# [WHAT YOU SHOULD DO]
Write out, exactly and only, the lines that run from the top of the records to the line with "line L9 (55.9032, 31.2633)". Include both ends; exclude pictures.

# [PROVIDED DATA]
=======
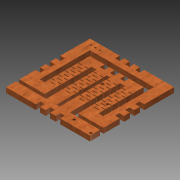
# Autodesk Inventor part: mech
Saved by Autodesk Inventor 2014 SP1 (Build 180222100, 222)
## iProperties
Created: 2015-02-17
Part Number: mech
Material: Wood (Cherry)
Document SubType Name: Modeling
Designer: Erin
Density: 0.63 g/cm^3
Appearance: Cherry - Natural Low Gloss
Author: Erin
Autodesk Inventor part; units mm, degrees
(part 1 of 2)
ref_plane "YZ Plane" through (0, 0, 0) normal (1, 0, 0) x (0, 1, 0)
ref_plane "XZ Plane" through (0, 0, 0) normal (0, 1, 0) x (-1, 0, 0)
ref_plane "XY Plane" through (0, 0, 0) normal (0, 0, 1) x (1, 0, 0)
sketch "slots" plane through (0, 0, 0) normal (0, 0, 1) x (1, 0, 0)
  line L0 (61.2067, 31.1821) -> (64.2567, 31.1821)
  line L1 (64.2567, 31.1821) -> (64.2567, 28.1071)
  line L2 (64.2567, 28.1071) -> (61.2067, 28.1071)
  line L3 (61.2067, 28.1071) -> (61.2067, 31.1821)
  line L4 (68.9317, 33.8834) -> (68.9317, 26.9198) construction
  line L5 (67.4067, 31.1821) -> (70.4567, 31.1821)
  line L6 (70.4567, 31.1821) -> (70.4567, 28.1071)
  line L7 (70.4567, 28.1071) -> (67.4067, 28.1071)
  line L8 (67.4067, 28.1071) -> (67.4067, 31.1821)
  line L9 (73.6067, 31.1821) -> (76.6567, 31.1821)
  line L10 (76.6567, 31.1821) -> (76.6567, 28.1071)
  line L11 (76.6567, 28.1071) -> (73.6067, 28.1071)
  line L12 (73.6067, 28.1071) -> (73.6067, 31.1821)
  line L13 (68.9317, 28.1071) -> (68.9317, 27.1937) construction
  point P0 (68.8645, 30.3856)
  dimension "d2" = 3.05
  dimension "d3" = 3.075
  dimension "d99" = 3.15
  dimension "d100" = 3.15
  measures "d2" distance of L1.end L2.end
  measures "d3" distance of L0.end L1.end
  measures "d99" distance between parallel lines of L8 L1
  measures "d100" distance between parallel lines of L12 L6
sketch "flexure" plane through (0, 0, 0) normal (0, 0, 1) x (1, 0, 0)
  line L0 (49.9032, 41.5133) -> (55.9032, 41.5133)
  line L1 (55.9032, 41.5133) -> (55.9032, 19.5133)
  line L2 (55.9032, 19.5133) -> (49.9032, 19.5133)
  line L3 (49.9032, 19.5133) -> (49.9032, 41.5133)
  line L4 (49.9032, 31.7633) -> (52.085, 31.7633)
  line L5 (52.085, 31.7633) -> (52.085, 31.2633)
  line L6 (52.085, 31.2633) -> (49.9032, 31.2633)
  line L7 (49.9032, 31.2633) -> (49.9032, 31.7633)
  line L8 (53.7214, 31.2633) -> (53.7214, 31.7633)
  line L9 (55.9032, 31.2633) -> (53.7214, 31.2633)
  line L10 (53.7214, 31.7633) -> (55.9032, 31.7633)
  line L11 (55.9032, 31.7633) -> (55.9032, 31.2633)
  line L12 (51.5395, 29.7633) -> (54.2668, 29.7633)
  line L13 (54.2668, 29.7633) -> (54.2668, 29.2633)
  line L14 (54.2668, 29.2633) -> (51.5395, 29.2633)
  line L15 (51.5395, 29.2633) -> (51.5395, 29.7633)
  line L16 (49.9032, 30.5133) -> (55.9032, 30.5133) construction
  line L17 (55.9032, 30.5133) -> (49.9032, 30.5133) construction
  line L18 (53.7214, 27.7633) -> (55.9032, 27.7633)
  line L19 (55.9032, 27.7633) -> (55.9032, 27.2633)
  line L20 (55.9032, 27.2633) -> (53.7214, 27.2633)
  line L21 (53.7214, 27.2633) -> (53.7214, 27.7633)
  line L22 (51.5395, 25.7633) -> (54.2668, 25.7633)
  line L23 (54.2668, 25.7633) -> (54.2668, 25.2633)
  line L24 (54.2668, 25.2633) -> (51.5395, 25.2633)
  line L25 (51.5395, 25.2633) -> (51.5395, 25.7633)
  line L26 (49.9032, 27.7633) -> (52.085, 27.7633)
  line L27 (52.085, 27.7633) -> (52.085, 27.2633)
  line L28 (52.085, 27.2633) -> (49.9032, 27.2633)
  line L29 (49.9032, 27.2633) -> (49.9032, 27.7633)
  line L30 (49.9032, 26.5133) -> (55.9032, 26.5133) construction
  line L31 (55.9032, 26.5133) -> (49.9032, 26.5133) construction
  line L32 (53.7214, 23.7633) -> (55.9032, 23.7633)
  line L33 (55.9032, 23.7633) -> (55.9032, 23.2633)
  line L34 (55.9032, 23.2633) -> (53.7214, 23.2633)
  line L35 (53.7214, 23.2633) -> (53.7214, 23.7633)
  line L36 (51.5395, 21.7633) -> (54.2668, 21.7633)
  line L37 (54.2668, 21.7633) -> (54.2668, 21.2633)
  line L38 (54.2668, 21.2633) -> (51.5395, 21.2633)
  line L39 (51.5395, 21.2633) -> (51.5395, 21.7633)
  line L40 (49.9032, 23.7633) -> (52.085, 23.7633)
  line L41 (52.085, 23.7633) -> (52.085, 23.2633)
  line L42 (52.085, 23.2633) -> (49.9032, 23.2633)
  line L43 (49.9032, 23.2633) -> (49.9032, 23.7633)
  line L44 (49.9032, 22.5133) -> (55.9032, 22.5133) construction
  line L45 (55.9032, 22.5133) -> (49.9032, 22.5133) construction
  line L46 (53.7214, 35.7633) -> (55.9032, 35.7633)
  line L47 (55.9032, 35.7633) -> (55.9032, 35.2633)
  line L48 (55.9032, 35.2633) -> (53.7214, 35.2633)
  line L49 (53.7214, 35.2633) -> (53.7214, 35.7633)
  line L50 (51.5395, 33.7633) -> (54.2668, 33.7633)
  line L51 (54.2668, 33.7633) -> (54.2668, 33.2633)
  line L52 (54.2668, 33.2633) -> (51.5395, 33.2633)
  line L53 (51.5395, 33.2633) -> (51.5395, 33.7633)
  line L54 (49.9032, 35.7633) -> (52.085, 35.7633)
  line L55 (52.085, 35.7633) -> (52.085, 35.2633)
  line L56 (52.085, 35.2633) -> (49.9032, 35.2633)
  line L57 (49.9032, 35.2633) -> (49.9032, 35.7633)
  line L58 (49.9032, 34.5133) -> (55.9032, 34.5133) construction
  line L59 (55.9032, 34.5133) -> (49.9032, 34.5133) construction
  line L60 (53.7214, 31.7633) -> (55.9032, 31.7633)
  line L61 (55.9032, 31.7633) -> (55.9032, 31.2633)
  line L62 (55.9032, 31.2633) -> (53.7214, 31.2633)
  line L63 (53.7214, 31.2633) -> (53.7214, 31.7633)
  line L64 (51.5395, 29.7633) -> (54.2668, 29.7633)
  line L65 (54.2668, 29.7633) -> (54.2668, 29.2633)
  line L66 (54.2668, 29.2633) -> (51.5395, 29.2633)
  line L67 (51.5395, 29.2633) -> (51.5395, 29.7633)
  line L68 (49.9032, 31.7633) -> (52.085, 31.7633)
  line L69 (52.085, 31.7633) -> (52.085, 31.2633)
  line L70 (52.085, 31.2633) -> (49.9032, 31.2633)
  line L71 (49.9032, 31.2633) -> (49.9032, 31.7633)
  line L72 (49.9032, 30.5133) -> (55.9032, 30.5133) construction
  line L73 (55.9032, 30.5133) -> (49.9032, 30.5133) construction
  line L74 (53.7214, 27.7633) -> (55.9032, 27.7633)
  line L75 (55.9032, 27.7633) -> (55.9032, 27.2633)
  line L76 (55.9032, 27.2633) -> (53.7214, 27.2633)
  line L77 (53.7214, 27.2633) -> (53.7214, 27.7633)
  line L78 (51.5395, 25.7633) -> (54.2668, 25.7633)
  line L79 (54.2668, 25.7633) -> (54.2668, 25.2633)
  line L80 (54.2668, 25.2633) -> (51.5395, 25.2633)
  line L81 (51.5395, 25.2633) -> (51.5395, 25.7633)
  line L82 (49.9032, 27.7633) -> (52.085, 27.7633)
  line L83 (52.085, 27.7633) -> (52.085, 27.2633)
  line L84 (52.085, 27.2633) -> (49.9032, 27.2633)
  line L85 (49.9032, 27.2633) -> (49.9032, 27.7633)
  line L86 (49.9032, 26.5133) -> (55.9032, 26.5133) construction
  line L87 (55.9032, 26.5133) -> (49.9032, 26.5133) construction
  line L88 (53.7214, 39.7633) -> (55.9032, 39.7633)
  line L89 (55.9032, 39.7633) -> (55.9032, 39.2633)
  line L90 (55.9032, 39.2633) -> (53.7214, 39.2633)
  line L91 (53.7214, 39.2633) -> (53.7214, 39.7633)
  line L92 (51.5395, 37.7633) -> (54.2668, 37.7633)
  line L93 (54.2668, 37.7633) -> (54.2668, 37.2633)
  line L94 (54.2668, 37.2633) -> (51.5395, 37.2633)
  line L95 (51.5395, 37.2633) -> (51.5395, 37.7633)
  line L96 (49.9032, 39.7633) -> (52.085, 39.7633)
  line L97 (52.085, 39.7633) -> (52.085, 39.2633)
  line L98 (52.085, 39.2633) -> (49.9032, 39.2633)
  line L99 (49.9032, 39.2633) -> (49.9032, 39.7633)
  line L100 (49.9032, 38.5133) -> (55.9032, 38.5133) construction
  line L101 (55.9032, 38.5133) -> (49.9032, 38.5133) construction
  line L102 (53.7214, 35.7633) -> (55.9032, 35.7633)
  line L103 (55.9032, 35.7633) -> (55.9032, 35.2633)
  line L104 (55.9032, 35.2633) -> (53.7214, 35.2633)
  line L105 (53.7214, 35.2633) -> (53.7214, 35.7633)
  line L106 (51.5395, 33.7633) -> (54.2668, 33.7633)
  line L107 (54.2668, 33.7633) -> (54.2668, 33.2633)
  line L108 (54.2668, 33.2633) -> (51.5395, 33.2633)
  line L109 (51.5395, 33.2633) -> (51.5395, 33.7633)
  line L110 (49.9032, 35.7633) -> (52.085, 35.7633)
  line L111 (52.085, 35.7633) -> (52.085, 35.2633)
  line L112 (52.085, 35.2633) -> (49.9032, 35.2633)
  line L113 (49.9032, 35.2633) -> (49.9032, 35.7633)
  line L114 (49.9032, 34.5133) -> (55.9032, 34.5133) construction
  line L115 (55.9032, 34.5133) -> (49.9032, 34.5133) construction
  line L116 (53.7214, 31.7633) -> (55.9032, 31.7633)
  line L117 (55.9032, 31.7633) -> (55.9032, 31.2633)
  line L118 (55.9032, 31.2633) -> (53.7214, 31.2633)
  line L119 (53.7214, 31.2633) -> (53.7214, 31.7633)
  line L120 (51.5395, 29.7633) -> (54.2668, 29.7633)
  line L121 (54.2668, 29.7633) -> (54.2668, 29.2633)
  line L122 (54.2668, 29.2633) -> (51.5395, 29.2633)
  line L123 (51.5395, 29.2633) -> (51.5395, 29.7633)
  line L124 (49.9032, 31.7633) -> (52.085, 31.7633)
  line L125 (52.085, 31.7633) -> (52.085, 31.2633)
  line L126 (52.085, 31.2633) -> (49.9032, 31.2633)
  line L127 (49.9032, 31.2633) -> (49.9032, 31.7633)
  line L128 (49.9032, 30.5133) -> (55.9032, 30.5133) construction
  line L129 (55.9032, 30.5133) -> (49.9032, 30.5133) construction
  line L130 (53.7214, 19.7633) -> (55.9032, 19.7633)
  line L131 (55.9032, 19.7633) -> (55.9032, 19.2633)
  line L132 (55.9032, 19.2633) -> (53.7214, 19.2633)
  line L133 (53.7214, 19.2633) -> (53.7214, 19.7633)
  line L134 (51.5395, 17.7633) -> (54.2668, 17.7633)
  line L135 (54.2668, 17.7633) -> (54.2668, 17.2633)
  line L136 (54.2668, 17.2633) -> (51.5395, 17.2633)
  line L137 (51.5395, 17.2633) -> (51.5395, 17.7633)
  line L138 (49.9032, 19.7633) -> (52.085, 19.7633)
  line L139 (52.085, 19.7633) -> (52.085, 19.2633)
  line L140 (52.085, 19.2633) -> (49.9032, 19.2633)
  line L141 (49.9032, 19.2633) -> (49.9032, 19.7633)
  line L142 (49.9032, 18.5133) -> (55.9032, 18.5133) construction
  line L143 (55.9032, 18.5133) -> (49.9032, 18.5133) construction
  line L144 (53.7214, 23.7633) -> (55.9032, 23.7633)
  line L145 (55.9032, 23.7633) -> (55.9032, 23.2633)
  line L146 (55.9032, 23.2633) -> (53.7214, 23.2633)
  line L147 (53.7214, 23.2633) -> (53.7214, 23.7633)
  line L148 (51.5395, 21.7633) -> (54.2668, 21.7633)
  line L149 (54.2668, 21.7633) -> (54.2668, 21.2633)
  line L150 (54.2668, 21.2633) -> (51.5395, 21.2633)
  line L151 (51.5395, 21.2633) -> (51.5395, 21.7633)
  line L152 (49.9032, 23.7633) -> (52.085, 23.7633)
  line L153 (52.085, 23.7633) -> (52.085, 23.2633)
  line L154 (52.085, 23.2633) -> (49.9032, 23.2633)
  line L155 (49.9032, 23.2633) -> (49.9032, 23.7633)
  line L156 (49.9032, 22.5133) -> (55.9032, 22.5133) construction
  line L157 (55.9032, 22.5133) -> (49.9032, 22.5133) construction
  line L158 (53.7214, 27.7633) -> (55.9032, 27.7633)
  line L159 (55.9032, 27.7633) -> (55.9032, 27.2633)
  line L160 (55.9032, 27.2633) -> (53.7214, 27.2633)
  line L161 (53.7214, 27.2633) -> (53.7214, 27.7633)
  line L162 (51.5395, 25.7633) -> (54.2668, 25.7633)
  line L163 (54.2668, 25.7633) -> (54.2668, 25.2633)
  line L164 (54.2668, 25.2633) -> (51.5395, 25.2633)
  line L165 (51.5395, 25.2633) -> (51.5395, 25.7633)
  line L166 (49.9032, 27.7633) -> (52.085, 27.7633)
  line L167 (52.085, 27.7633) -> (52.085, 27.2633)
  line L168 (52.085, 27.2633) -> (49.9032, 27.2633)
  line L169 (49.9032, 27.2633) -> (49.9032, 27.7633)
  line L170 (49.9032, 26.5133) -> (55.9032, 26.5133) construction
  line L171 (55.9032, 26.5133) -> (49.9032, 26.5133) construction
  line L172 (53.7214, 43.7633) -> (55.9032, 43.7633)
  line L173 (55.9032, 43.7633) -> (55.9032, 43.2633)
  line L174 (55.9032, 43.2633) -> (53.7214, 43.2633)
  line L175 (53.7214, 43.2633) -> (53.7214, 43.7633)
  line L176 (51.5395, 41.7633) -> (54.2668, 41.7633)
  line L177 (54.2668, 41.7633) -> (54.2668, 41.2633)
  line L178 (54.2668, 41.2633) -> (51.5395, 41.2633)
  line L179 (51.5395, 41.2633) -> (51.5395, 41.7633)
  line L180 (49.9032, 43.7633) -> (52.085, 43.7633)
  line L181 (52.085, 43.7633) -> (52.085, 43.2633)
  line L182 (52.085, 43.2633) -> (49.9032, 43.2633)
  line L183 (49.9032, 43.2633) -> (49.9032, 43.7633)
  line L184 (49.9032, 42.5133) -> (55.9032, 42.5133) construction
  line L185 (55.9032, 42.5133) -> (49.9032, 42.5133) construction
  line L186 (53.7214, 39.7633) -> (55.9032, 39.7633)
  line L187 (55.9032, 39.7633) -> (55.9032, 39.2633)
  line L188 (55.9032, 39.2633) -> (53.7214, 39.2633)
  line L189 (53.7214, 39.2633) -> (53.7214, 39.7633)
  line L190 (51.5395, 37.7633) -> (54.2668, 37.7633)
  line L191 (54.2668, 37.7633) -> (54.2668, 37.2633)
  line L192 (54.2668, 37.2633) -> (51.5395, 37.2633)
  line L193 (51.5395, 37.2633) -> (51.5395, 37.7633)
  line L194 (49.9032, 39.7633) -> (52.085, 39.7633)
  line L195 (52.085, 39.7633) -> (52.085, 39.2633)
  line L196 (52.085, 39.2633) -> (49.9032, 39.2633)
  line L197 (49.9032, 39.2633) -> (49.9032, 39.7633)
  line L198 (49.9032, 38.5133) -> (55.9032, 38.5133) construction
  line L199 (55.9032, 38.5133) -> (49.9032, 38.5133) construction
  line L200 (53.7214, 35.7633) -> (55.9032, 35.7633)
  line L201 (55.9032, 35.7633) -> (55.9032, 35.2633)
  line L202 (55.9032, 35.2633) -> (53.7214, 35.2633)
  line L203 (53.7214, 35.2633) -> (53.7214, 35.7633)
  line L204 (51.5395, 33.7633) -> (54.2668, 33.7633)
  line L205 (54.2668, 33.7633) -> (54.2668, 33.2633)
  line L206 (54.2668, 33.2633) -> (51.5395, 33.2633)
  line L207 (51.5395, 33.2633) -> (51.5395, 33.7633)
  line L208 (49.9032, 35.7633) -> (52.085, 35.7633)
  line L209 (52.085, 35.7633) -> (52.085, 35.2633)
  line L210 (52.085, 35.2633) -> (49.9032, 35.2633)
  line L211 (49.9032, 35.2633) -> (49.9032, 35.7633)
  line L212 (49.9032, 34.5133) -> (55.9032, 34.5133) construction
  line L213 (55.9032, 34.5133) -> (49.9032, 34.5133) construction
  line L214 (53.7214, 31.7633) -> (55.9032, 31.7633)
  line L215 (55.9032, 31.7633) -> (55.9032, 31.2633)
  line L216 (55.9032, 31.2633) -> (53.7214, 31.2633)
  line L217 (53.7214, 31.2633) -> (53.7214, 31.7633)
  line L218 (51.5395, 29.7633) -> (54.2668, 29.7633)
  line L219 (54.2668, 29.7633) -> (54.2668, 29.2633)
  line L220 (54.2668, 29.2633) -> (51.5395, 29.2633)
  line L221 (51.5395, 29.2633) -> (51.5395, 29.7633)
  line L222 (49.9032, 31.7633) -> (52.085, 31.7633)
  line L223 (52.085, 31.7633) -> (52.085, 31.2633)
  line L224 (52.085, 31.2633) -> (49.9032, 31.2633)
  line L225 (49.9032, 31.2633) -> (49.9032, 31.7633)
  line L226 (49.9032, 30.5133) -> (55.9032, 30.5133) construction
  line L227 (55.9032, 30.5133) -> (49.9032, 30.5133) construction
  point P0 (52.8239, 25.8216)
  dimension "d22" = 6
  dimension "d24" = 2.1818
  dimension "d27" = 3.8182
  dimension "d32" = 1.6364
  dimension "d33" = 2.7273
  dimension "d41" = 0.5
  dimension "d42" = 0.5
  dimension "d43" = 1.5
  dimension "d93" = 22
  dimension "d106" = 4
  dimension "d109" = 4
  dimension "d117" = 11.75
  measures "d22" distance of L1.end L2.end
  measures "d24" distance of L4.start L4.end
  measures "d27" distance of L6.end L9.end
  measures "d32" distance between parallel lines of L15 L3
  measures "d33" distance of L12.start L12.end
  measures "d41" distance of L4.end L5.end
  measures "d42" distance of L12.end L13.end
  measures "d43" distance between parallel lines of L12 L6
  measures "d93" distance of L0.end L1.end
  measures "d106" distance of L10.start L18.start
  measures "d109" distance of L10.start L46.start
  measures "d117" distance between parallel lines of L12 L0
sketch "Sketch1" plane through (0, 0, 0) normal (0, 0, 1) x (1, 0, 0)
  line L0 (-25, 25) -> (25, 25) construction
  line L1 (25, 25) -> (25, -25) construction
  line L2 (25, -25) -> (-25, -25) construction
  line L3 (-25, -25) -> (-25, 25) construction
  line L4 (-25, -25) -> (25, -25)
  line L5 (25, -25) -> (25, -19)
  line L6 (25, -19) -> (-25, -19)
  line L7 (-25, -19) -> (-25, -25)
  line L8 (0, 33.5916) -> (0, -39.9789) construction
  line L9 (-35.9054, 0) -> (42.6007, 0) construction
  line L10 (-25, 25) -> (25, 25)
  line L11 (25, 25) -> (25, 19)
  line L12 (25, 19) -> (-25, 19)
  line L13 (-25, 19) -> (-25, 25)
  line L14 (-25, 19) -> (-19, 19)
  line L15 (-19, 19) -> (-19, -17)
  line L16 (-19, -17) -> (-25, -17)
  line L17 (-25, -17) -> (-25, 19)
  line L18 (-19, -17) -> (-10, -17)
  line L19 (-10, -17) -> (-10, -11)
  line L20 (-10, -11) -> (-19, -11)
  line L21 (-19, -11) -> (-19, -17)
  line L22 (25, 19) -> (19, 19)
  line L23 (19, 19) -> (19, -17)
  line L24 (19, -17) -> (25, -17)
  line L25 (25, -17) -> (25, 19)
  line L26 (19, -17) -> (10, -17)
  line L27 (10, -17) -> (10, -11)
  line L28 (10, -11) -> (19, -11)
  line L29 (19, -11) -> (19, -17)
  line L30 (-16, 16) -> (16, 16)
  line L31 (16, 16) -> (16, 11)
  line L32 (16, 11) -> (-16, 11)
  line L33 (-16, 11) -> (-16, 16)
  line L34 (-7, -11) -> (-1, -11)
  line L35 (-1, -11) -> (-1, -19)
  line L36 (-1, -19) -> (-7, -19)
  line L37 (-7, -19) -> (-7, -11)
  line L38 (1, -11) -> (7, -11)
  line L39 (7, -11) -> (7, -19)
  line L40 (7, -19) -> (1, -19)
  line L41 (1, -19) -> (1, -11)
  line L42 (-68.1542, 16.5688) -> (-29.44, 16.5688) construction
  line L43 (-29.44, 16.5688) -> (-29.44, -5.0786) construction
  line L44 (-29.44, -5.0786) -> (-68.1542, -5.0786) construction
  line L45 (-68.1542, -5.0786) -> (-68.1542, 16.5688) construction
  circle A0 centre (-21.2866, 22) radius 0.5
=======
# [EXERCISE ANSWER]
# Autodesk Inventor part: mech
Saved by Autodesk Inventor 2014 SP1 (Build 180222100, 222)
## iProperties
Created: 2015-02-17
Part Number: mech
Material: Wood (Cherry)
Document SubType Name: Modeling
Designer: Erin
Density: 0.63 g/cm^3
Appearance: Cherry - Natural Low Gloss
Author: Erin
Autodesk Inventor part; units mm, degrees
(part 1 of 2)
ref_plane "YZ Plane" through (0, 0, 0) normal (1, 0, 0) x (0, 1, 0)
ref_plane "XZ Plane" through (0, 0, 0) normal (0, 1, 0) x (-1, 0, 0)
ref_plane "XY Plane" through (0, 0, 0) normal (0, 0, 1) x (1, 0, 0)
sketch "slots" plane through (0, 0, 0) normal (0, 0, 1) x (1, 0, 0)
  line L0 (61.2067, 31.1821) -> (64.2567, 31.1821)
  line L1 (64.2567, 31.1821) -> (64.2567, 28.1071)
  line L2 (64.2567, 28.1071) -> (61.2067, 28.1071)
  line L3 (61.2067, 28.1071) -> (61.2067, 31.1821)
  line L4 (68.9317, 33.8834) -> (68.9317, 26.9198) construction
  line L5 (67.4067, 31.1821) -> (70.4567, 31.1821)
  line L6 (70.4567, 31.1821) -> (70.4567, 28.1071)
  line L7 (70.4567, 28.1071) -> (67.4067, 28.1071)
  line L8 (67.4067, 28.1071) -> (67.4067, 31.1821)
  line L9 (73.6067, 31.1821) -> (76.6567, 31.1821)
  line L10 (76.6567, 31.1821) -> (76.6567, 28.1071)
  line L11 (76.6567, 28.1071) -> (73.6067, 28.1071)
  line L12 (73.6067, 28.1071) -> (73.6067, 31.1821)
  line L13 (68.9317, 28.1071) -> (68.9317, 27.1937) construction
  point P0 (68.8645, 30.3856)
  dimension "d2" = 3.05
  dimension "d3" = 3.075
  dimension "d99" = 3.15
  dimension "d100" = 3.15
  measures "d2" distance of L1.end L2.end
  measures "d3" distance of L0.end L1.end
  measures "d99" distance between parallel lines of L8 L1
  measures "d100" distance between parallel lines of L12 L6
sketch "flexure" plane through (0, 0, 0) normal (0, 0, 1) x (1, 0, 0)
  line L0 (49.9032, 41.5133) -> (55.9032, 41.5133)
  line L1 (55.9032, 41.5133) -> (55.9032, 19.5133)
  line L2 (55.9032, 19.5133) -> (49.9032, 19.5133)
  line L3 (49.9032, 19.5133) -> (49.9032, 41.5133)
  line L4 (49.9032, 31.7633) -> (52.085, 31.7633)
  line L5 (52.085, 31.7633) -> (52.085, 31.2633)
  line L6 (52.085, 31.2633) -> (49.9032, 31.2633)
  line L7 (49.9032, 31.2633) -> (49.9032, 31.7633)
  line L8 (53.7214, 31.2633) -> (53.7214, 31.7633)
  line L9 (55.9032, 31.2633) -> (53.7214, 31.2633)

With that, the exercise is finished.